=== WORK REQUIRED ===
Restate word for word the lines below from the one that has "[picture b7bot: board" through the one that has "2: J1.17, UC1.20 (PB2/BOOT1)", keeping both and dropping all pictures.

=== DATASET ===
════════════════════

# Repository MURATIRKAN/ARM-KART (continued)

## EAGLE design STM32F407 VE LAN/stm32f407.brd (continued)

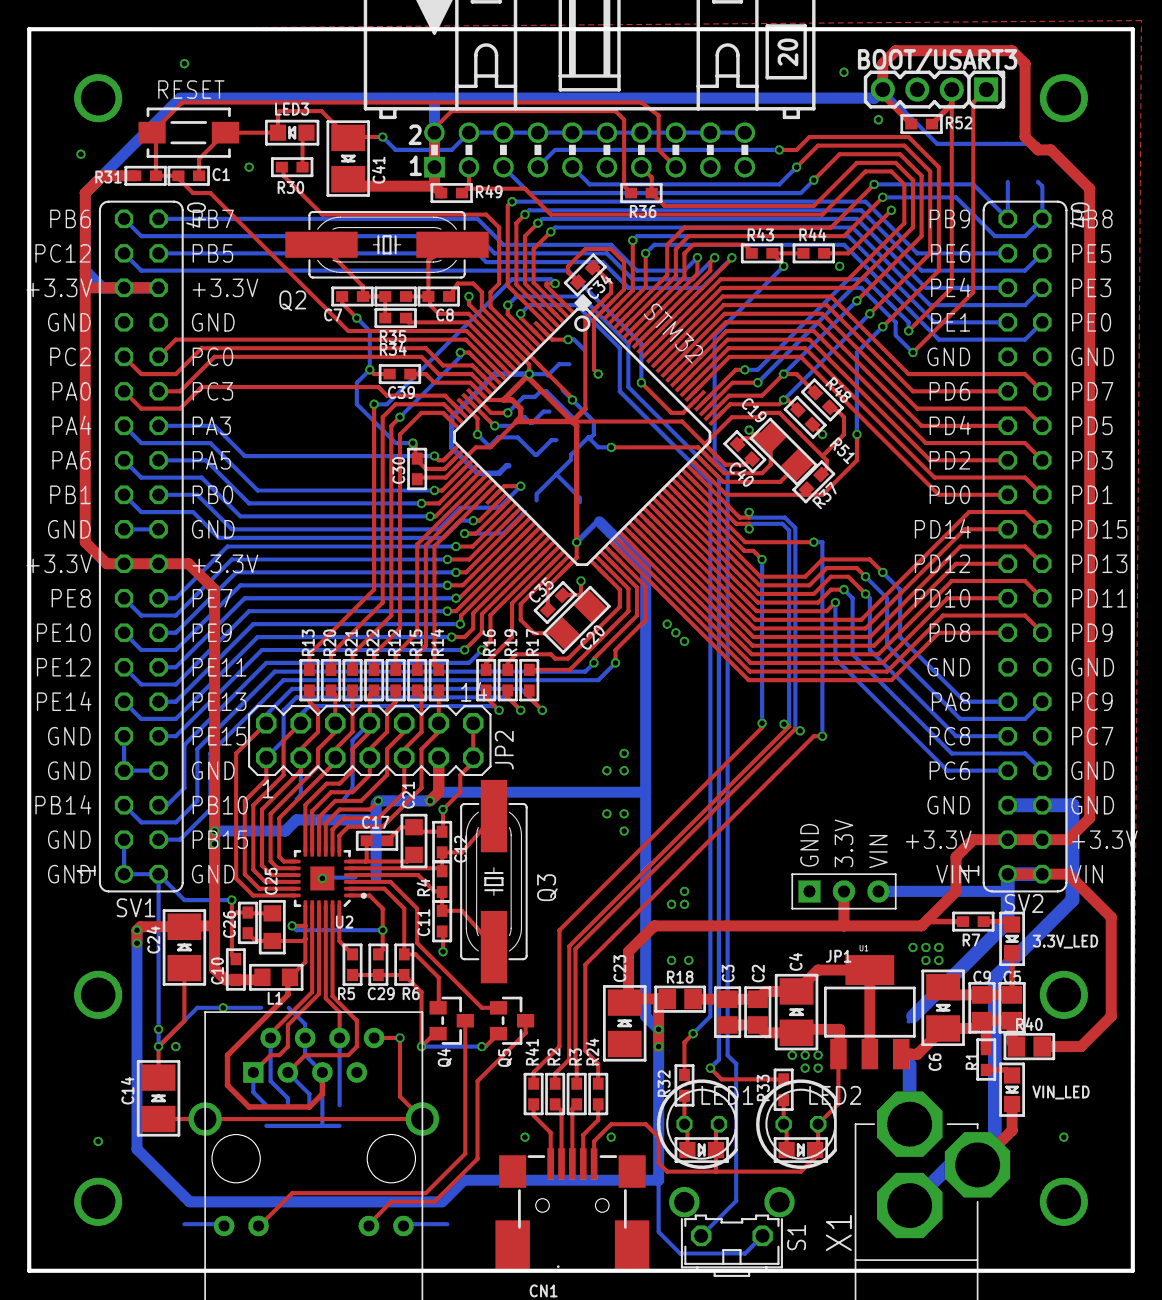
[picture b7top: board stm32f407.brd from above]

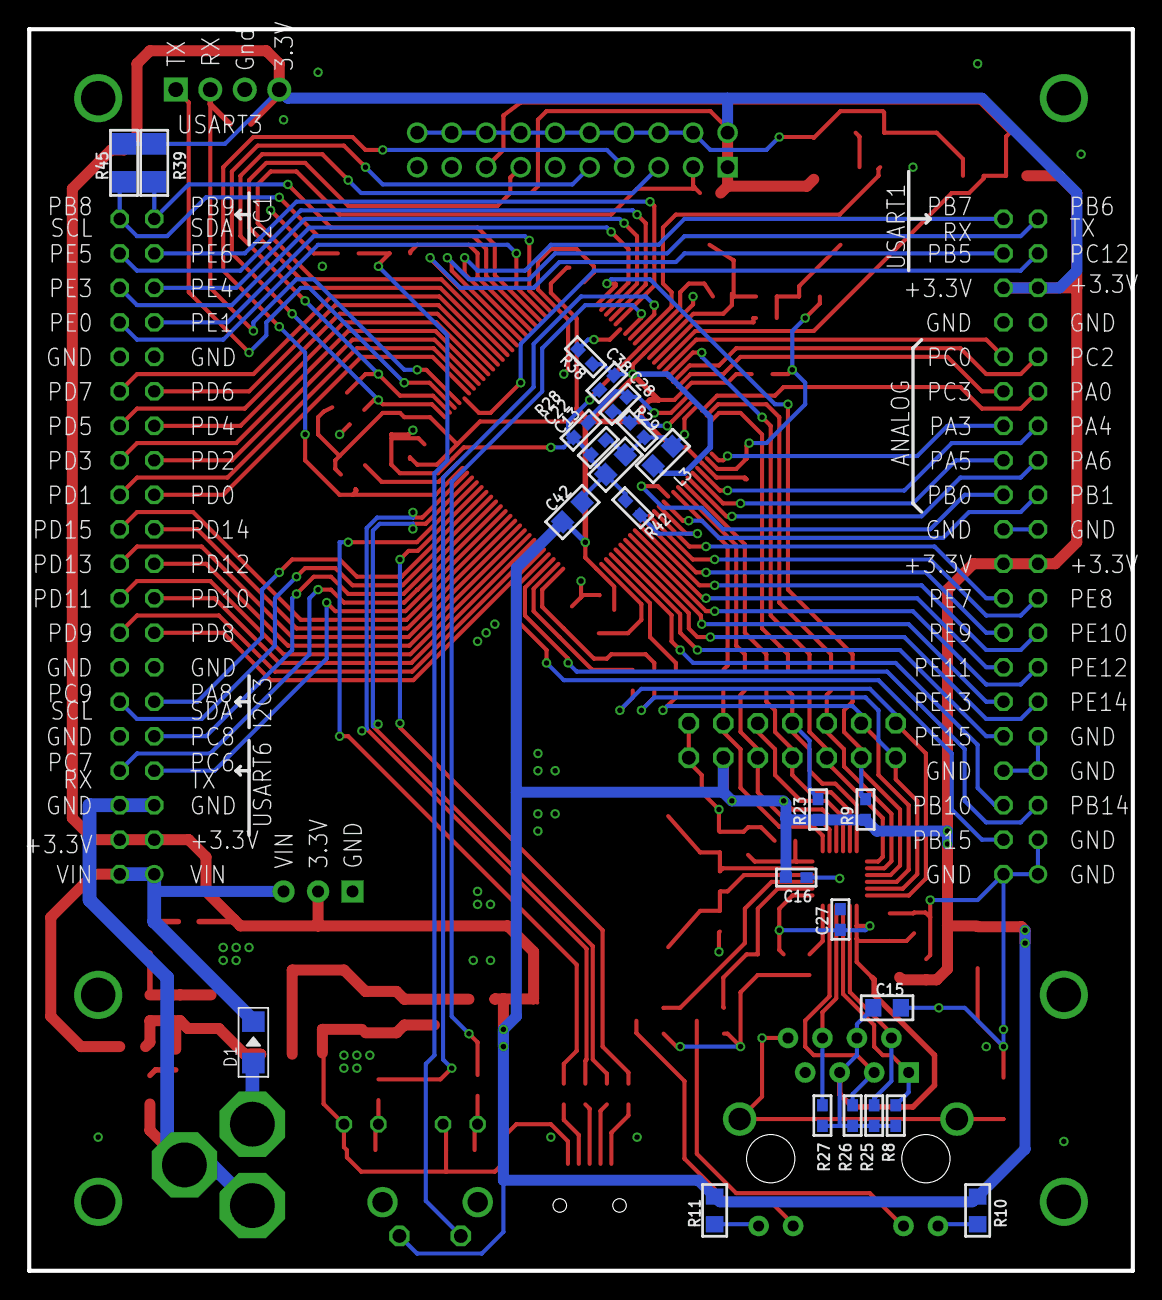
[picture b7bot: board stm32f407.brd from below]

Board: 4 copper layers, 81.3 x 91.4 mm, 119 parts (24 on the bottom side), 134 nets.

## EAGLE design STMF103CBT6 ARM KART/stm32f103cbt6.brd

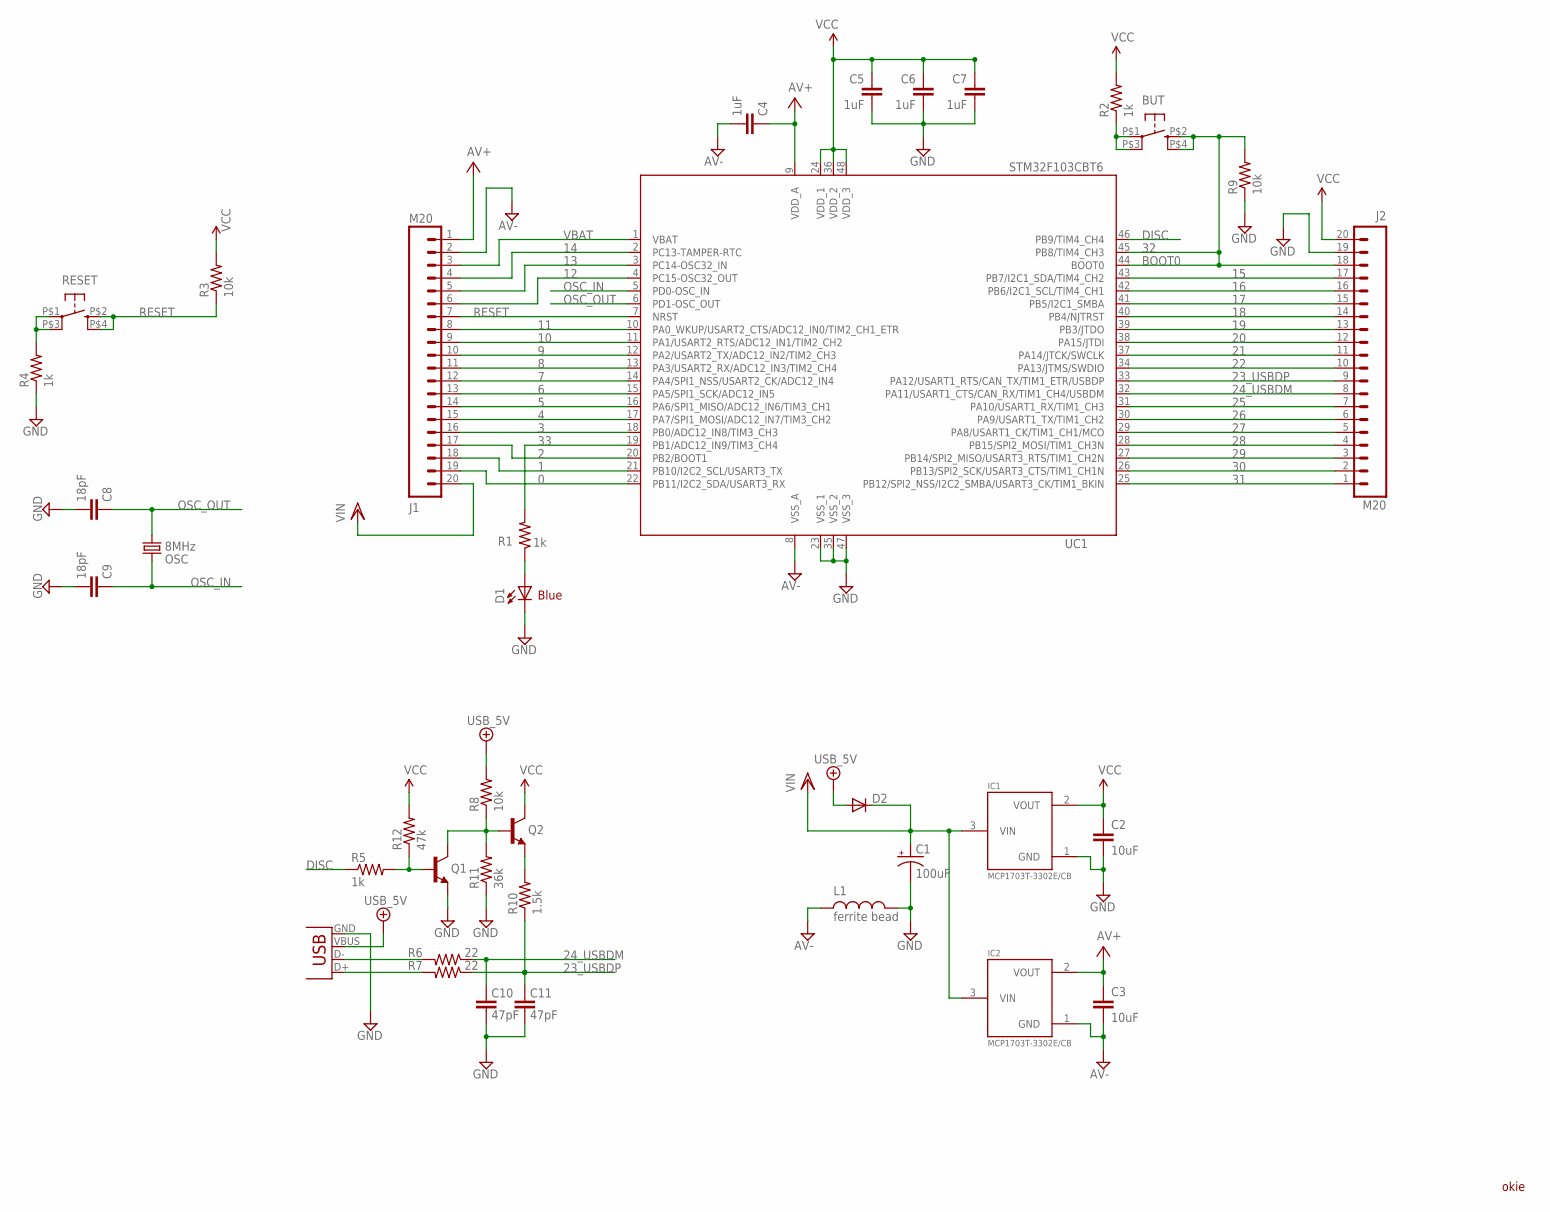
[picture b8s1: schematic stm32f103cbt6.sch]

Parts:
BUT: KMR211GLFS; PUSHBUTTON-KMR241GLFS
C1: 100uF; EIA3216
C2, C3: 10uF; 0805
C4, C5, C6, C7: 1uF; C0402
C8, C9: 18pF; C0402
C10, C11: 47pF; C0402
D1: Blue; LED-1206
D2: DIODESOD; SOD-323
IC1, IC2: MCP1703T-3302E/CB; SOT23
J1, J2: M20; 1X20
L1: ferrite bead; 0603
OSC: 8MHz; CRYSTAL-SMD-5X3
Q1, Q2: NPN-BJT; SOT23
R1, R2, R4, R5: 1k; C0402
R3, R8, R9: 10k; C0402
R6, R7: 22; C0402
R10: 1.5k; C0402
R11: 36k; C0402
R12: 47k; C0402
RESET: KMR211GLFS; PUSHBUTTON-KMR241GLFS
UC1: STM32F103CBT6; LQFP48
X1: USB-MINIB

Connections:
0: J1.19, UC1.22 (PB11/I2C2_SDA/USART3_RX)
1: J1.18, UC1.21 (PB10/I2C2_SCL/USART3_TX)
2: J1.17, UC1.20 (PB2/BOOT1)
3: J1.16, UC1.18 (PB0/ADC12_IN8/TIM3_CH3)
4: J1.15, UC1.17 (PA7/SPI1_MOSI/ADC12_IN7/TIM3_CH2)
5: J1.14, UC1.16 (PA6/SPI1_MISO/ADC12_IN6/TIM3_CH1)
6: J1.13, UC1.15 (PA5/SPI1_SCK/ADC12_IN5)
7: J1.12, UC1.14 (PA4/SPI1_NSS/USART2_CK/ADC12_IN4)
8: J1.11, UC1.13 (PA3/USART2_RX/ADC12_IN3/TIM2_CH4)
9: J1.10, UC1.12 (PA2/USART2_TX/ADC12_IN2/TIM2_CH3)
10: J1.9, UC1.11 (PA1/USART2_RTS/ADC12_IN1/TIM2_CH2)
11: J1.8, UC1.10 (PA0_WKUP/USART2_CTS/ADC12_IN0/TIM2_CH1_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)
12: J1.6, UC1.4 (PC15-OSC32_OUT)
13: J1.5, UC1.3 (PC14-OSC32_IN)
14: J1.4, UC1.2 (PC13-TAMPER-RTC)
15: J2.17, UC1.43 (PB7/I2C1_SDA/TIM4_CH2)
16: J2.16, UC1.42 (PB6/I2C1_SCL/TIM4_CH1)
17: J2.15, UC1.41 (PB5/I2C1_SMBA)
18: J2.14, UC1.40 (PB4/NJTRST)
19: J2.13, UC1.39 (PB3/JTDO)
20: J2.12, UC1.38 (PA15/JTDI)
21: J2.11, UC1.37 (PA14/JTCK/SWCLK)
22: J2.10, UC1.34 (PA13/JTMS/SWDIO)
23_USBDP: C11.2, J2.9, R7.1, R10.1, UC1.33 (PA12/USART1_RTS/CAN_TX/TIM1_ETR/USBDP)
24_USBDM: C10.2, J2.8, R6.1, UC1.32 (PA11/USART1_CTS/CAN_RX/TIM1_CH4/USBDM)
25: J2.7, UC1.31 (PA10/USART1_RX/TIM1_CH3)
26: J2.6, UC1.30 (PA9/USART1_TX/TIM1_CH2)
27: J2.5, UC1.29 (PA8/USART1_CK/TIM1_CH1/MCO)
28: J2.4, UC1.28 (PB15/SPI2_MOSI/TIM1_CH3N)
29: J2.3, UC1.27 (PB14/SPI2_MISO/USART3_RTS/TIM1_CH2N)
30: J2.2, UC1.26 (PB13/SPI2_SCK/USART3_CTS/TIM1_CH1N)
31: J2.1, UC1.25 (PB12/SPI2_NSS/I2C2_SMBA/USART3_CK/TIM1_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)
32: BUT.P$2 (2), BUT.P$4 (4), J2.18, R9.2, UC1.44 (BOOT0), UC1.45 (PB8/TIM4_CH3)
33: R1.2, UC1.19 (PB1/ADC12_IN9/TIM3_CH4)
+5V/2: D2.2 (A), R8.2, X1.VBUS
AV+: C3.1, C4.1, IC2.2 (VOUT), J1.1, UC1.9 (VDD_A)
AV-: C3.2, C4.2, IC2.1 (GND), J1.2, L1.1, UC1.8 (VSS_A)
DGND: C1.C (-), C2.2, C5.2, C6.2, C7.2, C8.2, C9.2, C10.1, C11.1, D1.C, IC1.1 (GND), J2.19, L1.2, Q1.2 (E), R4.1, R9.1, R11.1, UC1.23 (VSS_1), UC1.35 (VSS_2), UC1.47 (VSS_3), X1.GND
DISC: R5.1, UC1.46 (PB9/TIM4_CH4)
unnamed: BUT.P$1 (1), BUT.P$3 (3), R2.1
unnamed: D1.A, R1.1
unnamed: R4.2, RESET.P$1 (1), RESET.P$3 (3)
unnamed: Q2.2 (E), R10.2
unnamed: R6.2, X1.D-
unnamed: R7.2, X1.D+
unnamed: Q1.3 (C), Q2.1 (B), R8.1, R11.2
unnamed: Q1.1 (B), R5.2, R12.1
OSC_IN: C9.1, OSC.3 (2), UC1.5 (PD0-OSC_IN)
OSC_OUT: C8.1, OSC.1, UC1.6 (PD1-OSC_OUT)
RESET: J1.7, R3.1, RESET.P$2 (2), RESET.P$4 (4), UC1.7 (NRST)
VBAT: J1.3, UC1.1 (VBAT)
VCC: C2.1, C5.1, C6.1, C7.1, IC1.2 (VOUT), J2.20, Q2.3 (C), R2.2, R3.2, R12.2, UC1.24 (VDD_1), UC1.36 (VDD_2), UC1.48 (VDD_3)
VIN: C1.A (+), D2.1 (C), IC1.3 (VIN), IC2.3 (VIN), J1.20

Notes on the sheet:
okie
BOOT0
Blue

════════════════════

=== TASK SOLUTION ===
[picture b7bot: board stm32f407.brd from below]

Board: 4 copper layers, 81.3 x 91.4 mm, 119 parts (24 on the bottom side), 134 nets.

## EAGLE design STMF103CBT6 ARM KART/stm32f103cbt6.brd

[picture b8s1: schematic stm32f103cbt6.sch]

Parts:
BUT: KMR211GLFS; PUSHBUTTON-KMR241GLFS
C1: 100uF; EIA3216
C2, C3: 10uF; 0805
C4, C5, C6, C7: 1uF; C0402
C8, C9: 18pF; C0402
C10, C11: 47pF; C0402
D1: Blue; LED-1206
D2: DIODESOD; SOD-323
IC1, IC2: MCP1703T-3302E/CB; SOT23
J1, J2: M20; 1X20
L1: ferrite bead; 0603
OSC: 8MHz; CRYSTAL-SMD-5X3
Q1, Q2: NPN-BJT; SOT23
R1, R2, R4, R5: 1k; C0402
R3, R8, R9: 10k; C0402
R6, R7: 22; C0402
R10: 1.5k; C0402
R11: 36k; C0402
R12: 47k; C0402
RESET: KMR211GLFS; PUSHBUTTON-KMR241GLFS
UC1: STM32F103CBT6; LQFP48
X1: USB-MINIB

Connections:
0: J1.19, UC1.22 (PB11/I2C2_SDA/USART3_RX)
1: J1.18, UC1.21 (PB10/I2C2_SCL/USART3_TX)
2: J1.17, UC1.20 (PB2/BOOT1)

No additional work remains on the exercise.